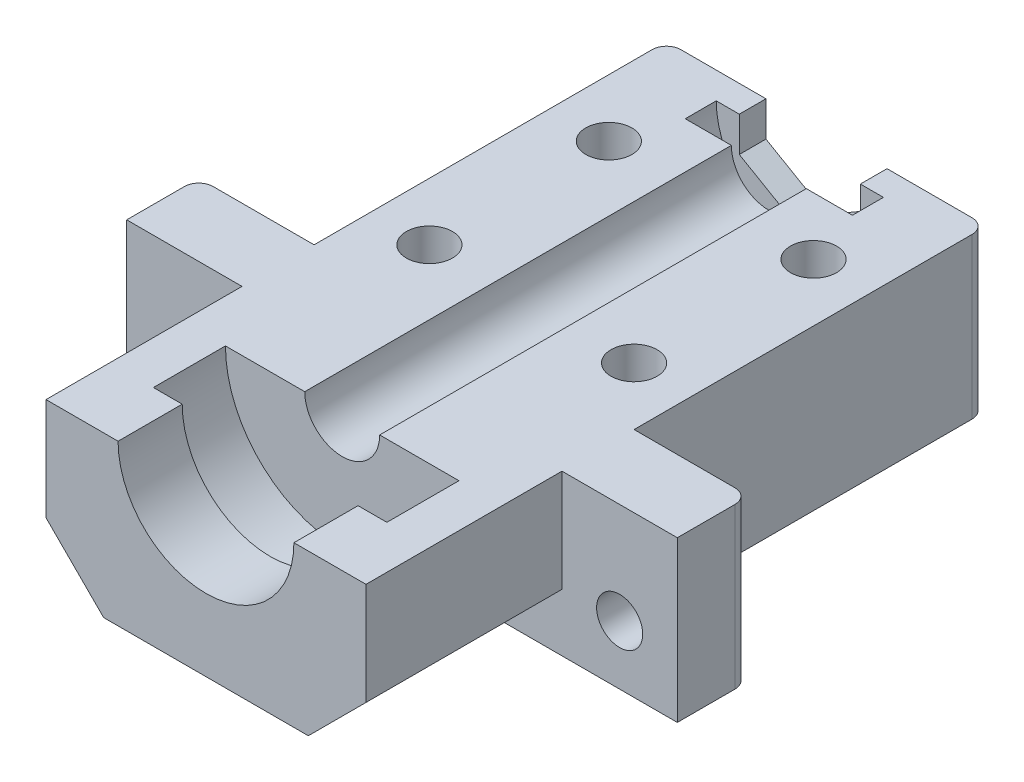
SolidWorks part; units mm, degrees
ref_plane "Front Plane" through (0, 0, 0) normal (0, 0, 1) x (1, 0, 0)
ref_plane "Top Plane" through (0, 0, 0) normal (0, 1, 0) x (1, 0, 0)
ref_plane "Right Plane" through (0, 0, 0) normal (1, 0, 0) x (0, 0, -1)
sketch "Sketch1" plane through (0, 0, 0) normal (0, 0, 1) x (1, 0, 0)
  circle A0 centre (0, 0) radius 2.6
  dimension "D1" = 5.2
sketch "Sketch3" plane through (0, 0, 0) normal (0, 1, 0) x (1, 0, 0)
  line L0 (8, -13.6) -> (6, -13.6) construction
  line L1 (6, -13.6) -> (6, -9) construction
  line L2 (6, -9) -> (8, -9) construction
  line L3 (8, -9) -> (8, -4.2) construction
  line L4 (8, -4.2) -> (-8, -4.2) construction
  line L5 (-8, -4.2) -> (-8, -9) construction
  line L6 (-8, -9) -> (-6, -9) construction
  line L7 (-6, -9) -> (-6, -13.6) construction
  line L8 (-6, -13.6) -> (-8, -13.6) construction
  line L9 (11.1, -13.55) -> (-11.1, -13.55) construction
  line L10 (11.1, 30) -> (-11.1, 30) construction
  line L11 (6.16, 30) -> (-6.16, 30) construction
  line L12 (-11.1, -13.55) -> (-11.1, 29.5) construction
  line L13 (-11.1, 29.5) -> (11.1, 29.5) construction
  line L14 (11.1, 29.5) -> (11.1, -13.55) construction
  line L15 (11.1, 30.2) -> (-11.1, 30.2) construction
  line L16 (6.1, -13.6) -> (6.1, -9.1) construction
  line L17 (0, 29.5) -> (0, -13.55) construction
  line L18 (6.1, -9.1) -> (8.1, -9.1) construction
  line L19 (8.1, -9.1) -> (8.1, -4.1) construction
  line L20 (8.1, -4.1) -> (-8.1, -4.1) construction
  line L21 (-8.1, -4.1) -> (-8.1, -9.1) construction
  line L22 (-8.1, -9.1) -> (-6.1, -9.1) construction
  line L23 (-6.1, -9.1) -> (-6.1, -13.6) construction
  line L24 (11.1, 0) -> (-11.1, 0) construction
  line L25 (-11.1, 0.05) -> (-19.1, 0.05)
  line L26 (-19.1, 0.05) -> (-19.1, 5.05)
  line L27 (-19.1, 5.05) -> (-11.1, 5.05)
  line L28 (-11.1, 5.05) -> (-11.1, 29.5)
  line L29 (-11.1, 29.5) -> (11.1, 29.5)
  line L30 (11.1, 29.5) -> (11.1, 5.05)
  line L31 (11.1, 5.05) -> (19.1, 5.05)
  line L32 (19.1, 5.05) -> (19.1, 0.05)
  line L33 (19.1, 0.05) -> (11.1, 0.05)
  line L34 (11.1, 0.05) -> (11.1, -13.55)
  line L35 (11.1, -13.55) -> (-11.1, -13.55)
  line L36 (-11.1, -13.55) -> (-11.1, 0.05)
  line L37 (-15.1, 5.05) -> (-15.1, 0.05) construction
  line L38 (-16.7, 0.05) -> (-16.7, 5.05) construction
  line L39 (-16.7, 5.05) -> (-17.85, 5.05) construction
  line L40 (-17.85, 5.05) -> (-17.85, 8.05) construction
  line L41 (-17.85, 8.05) -> (-12.35, 8.05) construction
  line L42 (-12.35, 8.05) -> (-12.35, 5.05) construction
  line L43 (-12.35, 5.05) -> (-13.5, 5.05) construction
  line L44 (-13.5, 5.05) -> (-13.5, 0.05) construction
  line L45 (11.1, 25.7) -> (-11.1, 25.7) construction
  line L46 (-5.6, 25.7) -> (5.6, 25.7) construction
  line L47 (-11.1, 25.5) -> (11.1, 25.5) construction
  dimension "D1" = 0.2
  dimension "D2" = 0.5
  dimension "D3" = 0.05
  dimension "D5" = 3
  dimension "D6" = 0.1
  dimension "D7" = 3
  dimension "D8" = 5.5
  dimension "D9" = 3.2
  dimension "D10" = 8
  dimension "D11" = 5
  dimension "D12" = 0.2
  dimension "D4" = 0.1
sketch "Sketch4" plane through (0, 0, 0) normal (0, 0, 1) x (1, 0, 0)
  line L0 (-11.1, -11.1) -> (-19.1, -11.1) construction
  line L1 (11.1, -11.1) -> (-11.1, -11.1) construction
  line L2 (11.1, -11.1) -> (11.1, 11.1) construction
  line L3 (11.1, 11.1) -> (-11.1, 11.1) construction
  line L4 (-11.1, -11.1) -> (-11.1, 11.1) construction
  line L5 (-19.1, -11.1) -> (-19.1, 11.1) construction
  line L6 (-19.1, 11.1) -> (-11.1, 11.1) construction
  line L7 (11.1, 11.1) -> (19.1, 11.1) construction
  line L8 (19.1, 11.1) -> (19.1, -11.1) construction
  line L9 (19.1, -11.1) -> (11.1, -11.1) construction
  line L10 (0, 11.1) -> (0, -11.1) construction
  line L11 (19.1, 0) -> (-19.1, 0) construction
  line L12 (-15.1, 11.1) -> (-15.1, -11.1) construction
  line L13 (15.1, 11.1) -> (15.1, -11.1) construction
  line L14 (15.1, 7) -> (-15.1, 7) construction
  line L15 (15.1, -7) -> (-15.1, -7) construction
  circle A0 centre (-15.1, -7) radius 1.6
  circle A1 centre (-15.1, 7) radius 1.6
  circle A2 centre (15.1, -7) radius 1.6
  circle A3 centre (15.1, 7) radius 1.6
  dimension "D1" = 3.2
  dimension "D2" = 14
extrude "Boss-Extrude1" add sketch "Sketch3" against normal up to vertex (11.1 mm away) up to point (19.1, -11.1, 0)
sketch "Sketch5" plane through (0, 0, 13.55) normal (0, 0, 1) x (1, 0, 0)
  line L0 (-11.1, 0) -> (11.1, 0) construction
  line L1 (-11.1, 0) -> (-11.1, -11.1) construction
  line L4 (-11.1, -11.1) -> (11.1, -11.1) construction
  line L5 (11.1, -11.1) -> (11.1, 0) construction
  line L6 (11.1, 0) -> (11.1, 11.1) construction
  line L7 (11.1, 11.1) -> (-11.1, 11.1) construction
  line L8 (-11.1, 11.1) -> (-11.1, 0) construction
  line L9 (0, 11.1) -> (0, -11.1) construction
  line L10 (-11.1, -7.1) -> (-7.1, -11.1)
  line L11 (-7.1, -11.1) -> (-11.1, -11.1)
  line L12 (-11.1, -11.1) -> (-11.1, -7.1)
  line L13 (11.1, -7.1) -> (7.1, -11.1)
  line L14 (11.1, -11.1) -> (11.1, -7.1)
  line L15 (7.1, -11.1) -> (11.1, -11.1)
  line L16 (-11.1, 11.1) -> (-11.1, 7.1)
  line L17 (-7.1, 11.1) -> (-11.1, 11.1)
  line L18 (-11.1, 7.1) -> (-7.1, 11.1)
  line L19 (11.1, 11.1) -> (11.1, 7.1)
  line L20 (7.1, 11.1) -> (11.1, 11.1)
  line L21 (11.1, 7.1) -> (7.1, 11.1)
  dimension "D1" = 4
extrude "Cut-Extrude1" cut sketch "Sketch5" against normal up to surface (13.6 mm away) up to face at (-15.1, -5.55, -0.05)
extrude "Cut-Extrude2" cut sketch "Sketch4" against normal through all
extrude "Cut-Extrude3" cut sketch "Sketch1" against normal through all and the other way through all
sketch "Sketch6" plane through (0, 0, 0) normal (0, 1, 0) x (1, 0, 0)
  line L0 (6.1, -13.6) -> (6.1, -9.1) construction
  line L1 (6.1, -9.1) -> (8.1, -9.1) construction
  line L2 (8.1, -9.1) -> (8.1, -4.1) construction
  line L3 (8.1, -4.1) -> (-8.1, -4.1) construction
  line L4 (6.1, -13.55) -> (6.1, -9.1)
  line L5 (6.1, -9.1) -> (8.1, -9.1)
  line L6 (8.1, -9.1) -> (8.1, -4.1)
  line L7 (8.1, -4.1) -> (0, -4.1)
  line L8 (11.1, -13.55) -> (-11.1, -13.55) construction
  line L9 (6.1, -13.55) -> (0, -13.55)
  line L10 (0, 29.5) -> (0, -13.55) construction
  line L11 (0, -4.1) -> (0, -13.55)
ref_axis "Axis1" through (0, 0, -29.5) along (0, 0, 1)
revolve "Cut-Revolve1" cut sketch "Sketch6" angle 360 about axis through (0, 0, -29.5) along (0, 0, 1)
ref_plane "Plane1" through (0, 0, -30.2) normal (0, 0, 1) x (1, 0, 0)
sketch "Sketch7" plane through (0, 0, -30.2) normal (0, 0, 1) x (1, 0, 0)
  line L0 (-4, 2.3094) -> (0, 4.6188) construction
  line L1 (0, 4.6188) -> (4, 2.3094) construction
  line L2 (-4, -2.3094) -> (-4, 2.3094) construction
  line L3 (0, -4.6188) -> (-4, -2.3094) construction
  line L4 (4, -2.3094) -> (0, -4.6188) construction
  line L5 (4, 2.3094) -> (4, -2.3094) construction
  line L6 (-4, 2.3094) -> (0, 4.6188) construction
  line L7 (0, 4.6188) -> (4, 2.3094) construction
  line L8 (-4, -2.3094) -> (-4, 2.3094) construction
  line L9 (0, -4.6188) -> (-4, -2.3094) construction
  line L10 (4, -2.3094) -> (0, -4.6188) construction
  line L11 (4, 2.3094) -> (4, -2.3094) construction
  line L12 (0, 4.8497) -> (4.2, 2.4249)
  line L13 (4.2, 2.4249) -> (4.2, -2.4249)
  line L14 (4.2, -2.4249) -> (0, -4.8497)
  line L15 (0, -4.8497) -> (-4.2, -2.4249)
  line L16 (-4.2, -2.4249) -> (-4.2, 2.4249)
  line L17 (-4.2, 2.4249) -> (0, 4.8497)
  dimension "D1" = 0.2
ref_plane "Plane2" through (0, 0, -27.65) normal (0, 0, -1) x (-1, 0, 0)
ref_plane "Plane3" through (0, 0, -25.5) normal (0, 0, 1) x (1, 0, 0)
sketch "Sketch8" plane through (0, 0, -25.5) normal (0, 0, 1) x (1, 0, 0)
  circle A0 centre (0, 0) radius 5.6 construction
  circle A1 centre (0, 0) radius 5.6 construction
  circle A2 centre (0, 0) radius 5.8
  dimension "D1" = 0.2
extrude "Cut-Extrude4" cut sketch "Sketch8" against normal up to surface (2.15 mm away) up to plane "Plane2"
extrude "Cut-Extrude5" cut sketch "Sketch7" along normal up to surface (2.55 mm away) up to plane "Plane2"
sketch "Sketch9" plane through (0, 0, 0) normal (0, 1, 0) x (1, 0, 0)
  line L0 (0, 29.5) -> (0, -13.55) construction
  line L1 (-11.1, 29.5) -> (-11.1, 5.05) construction
  line L2 (-11.1, 5.05) -> (11.1, 5.05) construction
  line L3 (11.1, 5.05) -> (11.1, 29.5) construction
  line L4 (11.1, 29.5) -> (-11.1, 29.5) construction
  line L5 (-7.1, 21.5) -> (-7.1, 9.05) construction
  line L6 (-7.1, 9.05) -> (7.1, 9.05) construction
  line L7 (7.1, 9.05) -> (7.1, 21.5) construction
  line L8 (7.1, 21.5) -> (-7.1, 21.5) construction
  circle A0 centre (-7.1, 21.5) radius 1.6
  circle A1 centre (7.1, 21.5) radius 1.6
  circle A2 centre (7.1, 9.05) radius 1.6
  circle A3 centre (-7.1, 9.05) radius 1.6
  dimension "D1" = 3.2
  dimension "D2" = 4
  dimension "D3" = 4
  dimension "D4" = 8
extrude "Cut-Extrude6" cut sketch "Sketch9" against normal through all
fillet "Fillet1" radius 1 4 edges at (-19.1, -5.55, -5.05) (19.1, -5.55, -5.05) (-11.1, -5.55, -29.5) (11.1, -5.55, -29.5)

WORK ORDER> Would you retype the lines above from the one with "line L7 (-6, -9)" down to the one with "line L11 (6.16, 30)", word for word, both ends included and no other lines?

RESULT OF THE TASK>
  line L7 (-6, -9) -> (-6, -13.6) construction
  line L8 (-6, -13.6) -> (-8, -13.6) construction
  line L9 (11.1, -13.55) -> (-11.1, -13.55) construction
  line L10 (11.1, 30) -> (-11.1, 30) construction
  line L11 (6.16, 30) -> (-6.16, 30) construction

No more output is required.